▶ _Material provided_:
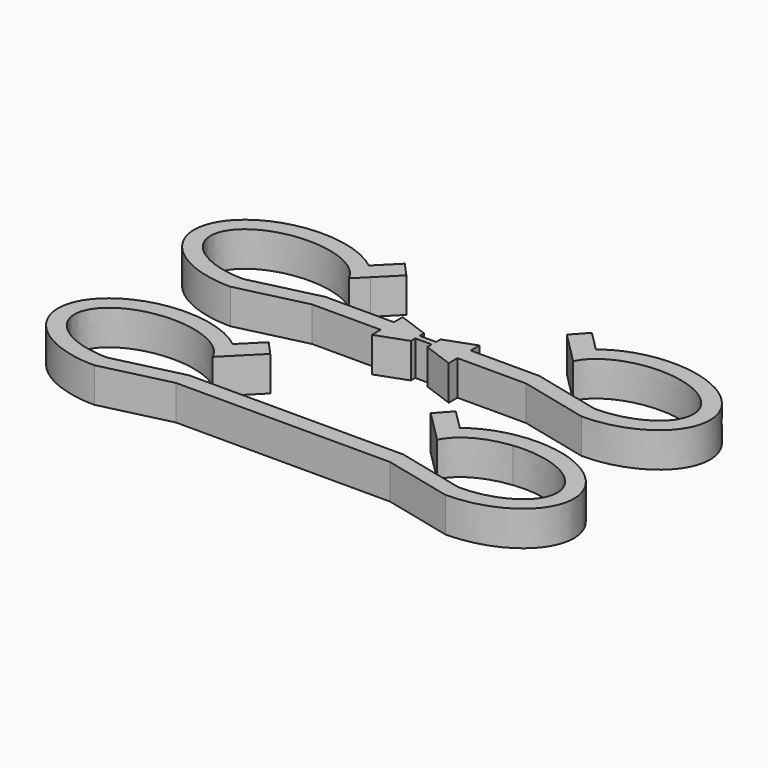
from build123d import *

# Parameters (mm, degrees)
F1_DEPTH = 6.35
F2_DEPTH = 6.35


# Not quite as in the source:
# - ends of sketch curves that miss each other by under 0.0002 mm in the source are joined


with BuildPart() as f1:
    # F0 (on Top) → F1 (new body)
    with BuildSketch(Plane.XY):
        with BuildLine():
            add(Edge.make_bspline(
                [(-20.4512735689, -13.4928953942), (-27.006583317, 1.0216576775), (-41.568666167, -11.0043361613), (-56.130749017, -23.03033), (-32, -23.03033)],
                knots=[3.416708, 3.416708, 3.416708, 5.635344817, 5.635344817, 7.853981634, 7.853981634, 7.853981634], degree=2, weights=[1, 0.445271914, 1, 0.445271914, 1]))
            Line((-20.4512735689, -13.4928953942), (-14.623441, -7.659787))
            Line((-14.623441, -7.659787), (-17.0484084715, -4.9831928082))
            Line((-17.0484084715, -4.9831928082), (-20.6942287896, -8.6297607204))
            add(Edge.make_bspline(
                [(-20.6942287896, -8.6297607204), (-20.698607878, -8.6262451494), (-20.7029914266, -8.6227323031)],
                knots=[3.8586865618, 3.8586865618, 3.8586865618, 3.859575, 3.859575, 3.859575], degree=2, weights=[1, 0.9999999013, 1]))
            add(Edge.make_bspline(
                [(-20.7029914266, -8.6227323031), (-36.0243090451, 3.6553185791), (-45.6568538904, -11.1875086941), (-55.2893987358, -26.0303359672), (-31.9999945096, -26.03033)],
                knots=[3.859575, 3.859575, 3.859575, 5.8567785, 5.8567785, 7.853982, 7.853982, 7.853982], degree=2, weights=[1, 0.5414783641, 1, 0.5414783641, 1]))
            Line((-31.9999945096, -26.03033), (-19.5, -23.03033))
            Line((-19.5, -23.03033), (0, -23.03033))
            Line((0, -23.03033), (19.5, -23.03033))
            Line((19.5, -23.03033), (32, -26.03033))
            add(Edge.make_bspline(
                [(32, -26.03033), (46.9999832548, -26.0303338433), (46.999986, -15.5303319216), (46.9999887452, -5.03033), (32, -5.03033)],
                knots=[4.7123886144, 4.7123886144, 4.7123886144, 6.2831851242, 6.2831851242, 7.853981634, 7.853981634, 7.853981634], degree=2, weights=[1, 0.7071067165, 1, 0.7071067165, 1]))
            add(Edge.make_bspline(
                [(32, -5.03033), (25.1858150627, -5.03033), (20.7029914266, -8.6227323031)],
                knots=[1.5707963268, 1.5707963268, 1.5707963268, 2.4236103072, 2.4236103072, 2.4236103072], degree=2, weights=[1, 0.9104577001, 1]))
            add(Edge.make_bspline(
                [(20.7029914266, -8.6227323031), (20.698607878, -8.6262451494), (20.6942287896, -8.6297607204)],
                knots=[2.4236103072, 2.4236103072, 2.4236103072, 2.4244987453, 2.4244987453, 2.4244987453], degree=2, weights=[1, 0.9999999013, 1]))
            Line((20.6942287896, -8.6297607204), (17.0484127896, -4.9831967204))
            Line((17.0484127896, -4.9831967204), (14.623441, -7.659787))
            Line((14.623441, -7.659787), (20.4512735689, -13.4928953942))
            add(Edge.make_bspline(
                [(30.0004237684, -8.1351855073), (22.5138875018, -8.9259228869), (20.4512735689, -13.4928953942)],
                knots=[1.7382085912, 1.7382085912, 1.7382085912, 2.8664773072, 2.8664773072, 2.8664773072], degree=2, weights=[1, 0.8450517623, 1]))
            add(Edge.make_bspline(
                [(32, -8.03033), (30.9931737994, -8.03033), (30.0004237684, -8.1351855073)],
                knots=[1.5707963268, 1.5707963268, 1.5707963268, 1.7382085912, 1.7382085912, 1.7382085912], degree=2, weights=[1, 0.9964986868, 1]))
            add(Edge.make_bspline(
                [(32, -23.03033), (44, -23.03033), (44, -15.53033), (44, -8.03033), (32, -8.03033)],
                knots=[4.7123889804, 4.7123889804, 4.7123889804, 6.2831853072, 6.2831853072, 7.853981634, 7.853981634, 7.853981634], degree=2, weights=[1, 0.7071067812, 1, 0.7071067812, 1]))
            Line((32, -23.03033), (19.5000043923, -20.03033))
            Line((19.5000043923, -20.03033), (0, -20.03033))
            Line((0, -20.03033), (-19.5, -20.03033))
            Line((-19.5, -20.03033), (-32, -23.03033))
        make_face()
    extrude(amount=F1_DEPTH)


with BuildPart() as f2:
    # F0 (on Top) → F2 (new body)
    with BuildSketch(Plane.XY):
        with BuildLine():
            add(Edge.make_bspline(
                [(-18.2670631482, 19.6932923503), (-18.2676990936, 19.69430555), (-18.2683353441, 19.6953186559)],
                knots=[3.5555654943, 3.5555654943, 3.5555654943, 3.5557762907, 3.5557762907, 3.5557762907], degree=2, weights=[1, 0.9999999944, 1]))
            Line((-18.2683353441, 19.6953186559), (-14.623441, 23.340213))
            Line((-14.623441, 23.340213), (-17.0484127896, 26.0168032796))
            Line((-17.0484127896, 26.0168032796), (-20.6942287896, 22.3702392796))
            add(Edge.make_bspline(
                [(-20.6942287896, 22.3702392796), (-20.698607878, 22.3737548506), (-20.7029914266, 22.3772676969)],
                knots=[3.8586865618, 3.8586865618, 3.8586865618, 3.859575, 3.859575, 3.859575], degree=2, weights=[1, 0.9999999013, 1]))
            add(Edge.make_bspline(
                [(-20.7029914266, 22.3772676969), (-36.0243090451, 34.6553185791), (-45.6568538904, 19.8124913059), (-55.2893987358, 4.9696640328), (-31.9999945096, 4.96967)],
                knots=[3.859575, 3.859575, 3.859575, 5.8567785, 5.8567785, 7.853982, 7.853982, 7.853982], degree=2, weights=[1, 0.5414783641, 1, 0.5414783641, 1]))
            Line((-31.9999945096, 4.96967), (-19.5, 7.96967))
            Line((-19.5, 7.96967), (-7, 7.96967))
            Line((-7, 7.96967), (-7, 5.96967))
            Line((-7, 5.96967), (-1.5, 7.96967))
            Line((-1.5, 7.96967), (-1.5, 8.96967))
            Line((-1.5, 8.96967), (0, 8.96967))
            Line((0, 8.96967), (1.5, 8.96967))
            Line((1.5, 8.96967), (1.5, 7.96967))
            Line((1.5, 7.96967), (7, 5.96967))
            Line((7, 5.96967), (7, 7.96967))
            Line((7, 7.96967), (19.5, 7.96967))
            Line((19.5, 7.96967), (32, 4.96967))
            add(Edge.make_bspline(
                [(32, 4.96967), (55.2893995447, 4.96967), (45.656852755, 19.8124930555), (36.0243059653, 34.655316111), (20.7029914266, 22.3772676969)],
                knots=[4.7123889804, 4.7123889804, 4.7123889804, 6.7095922974, 6.7095922974, 8.7067956144, 8.7067956144, 8.7067956144], degree=2, weights=[1, 0.541478441, 1, 0.541478441, 1]))
            add(Edge.make_bspline(
                [(20.7029914266, 22.3772676969), (20.698607878, 22.3737548506), (20.6942287896, 22.3702392796)],
                knots=[2.4236103072, 2.4236103072, 2.4236103072, 2.4244987453, 2.4244987453, 2.4244987453], degree=2, weights=[1, 0.9999999013, 1]))
            Line((20.6942287896, 22.3702392796), (17.0484127896, 26.0168032796))
            Line((17.0484127896, 26.0168032796), (14.6234453181, 23.3402090878))
            Line((14.6234453181, 23.3402090878), (20.4512735689, 17.5071046058))
            add(Edge.make_bspline(
                [(32, 7.96967), (56.130749017, 7.96967), (41.568666167, 19.9956638387), (27.006583317, 32.0216576775), (20.4512735689, 17.5071046058)],
                knots=[4.7123889804, 4.7123889804, 4.7123889804, 6.9310257974, 6.9310257974, 9.1496626144, 9.1496626144, 9.1496626144], degree=2, weights=[1, 0.445271914, 1, 0.445271914, 1]))
            Line((32, 7.96967), (19.5, 10.96967))
            Line((19.5, 10.96967), (7, 10.96967))
            Line((7, 10.96967), (7, 12.96967))
            Line((7, 12.96967), (1.5, 10.96967))
            Line((1.5, 10.96967), (1.5, 9.96967))
            Line((1.5, 9.96967), (0, 9.96967))
            Line((0, 9.96967), (-1.5, 9.96967))
            Line((-1.5, 9.96967), (-1.5, 10.96967))
            Line((-1.5, 10.96967), (-7, 12.96967))
            Line((-7, 12.96967), (-7, 10.96967))
            Line((-7, 10.96967), (-19.5, 10.96967))
            Line((-19.5, 10.96967), (-32, 7.96967))
            add(Edge.make_bspline(
                [(-20.4512735689, 17.5071046058), (-27.006583317, 32.0216576775), (-41.568666167, 19.9956638387), (-56.130749017, 7.96967), (-32, 7.96967)],
                knots=[3.416708, 3.416708, 3.416708, 5.635344817, 5.635344817, 7.853981634, 7.853981634, 7.853981634], degree=2, weights=[1, 0.445271914, 1, 0.445271914, 1]))
            Line((-20.4512735689, 17.5071046058), (-18.2670631482, 19.6932923503))
        make_face()
    extrude(amount=F2_DEPTH)


solid = Compound([f1.part, f2.part])

▶ _Action item_:
If a line in the records contains the string "source", copy it out.

▶ _Answer to the problem_:
# Not quite as in the source:
# - ends of sketch curves that miss each other by under 0.0002 mm in the source are joined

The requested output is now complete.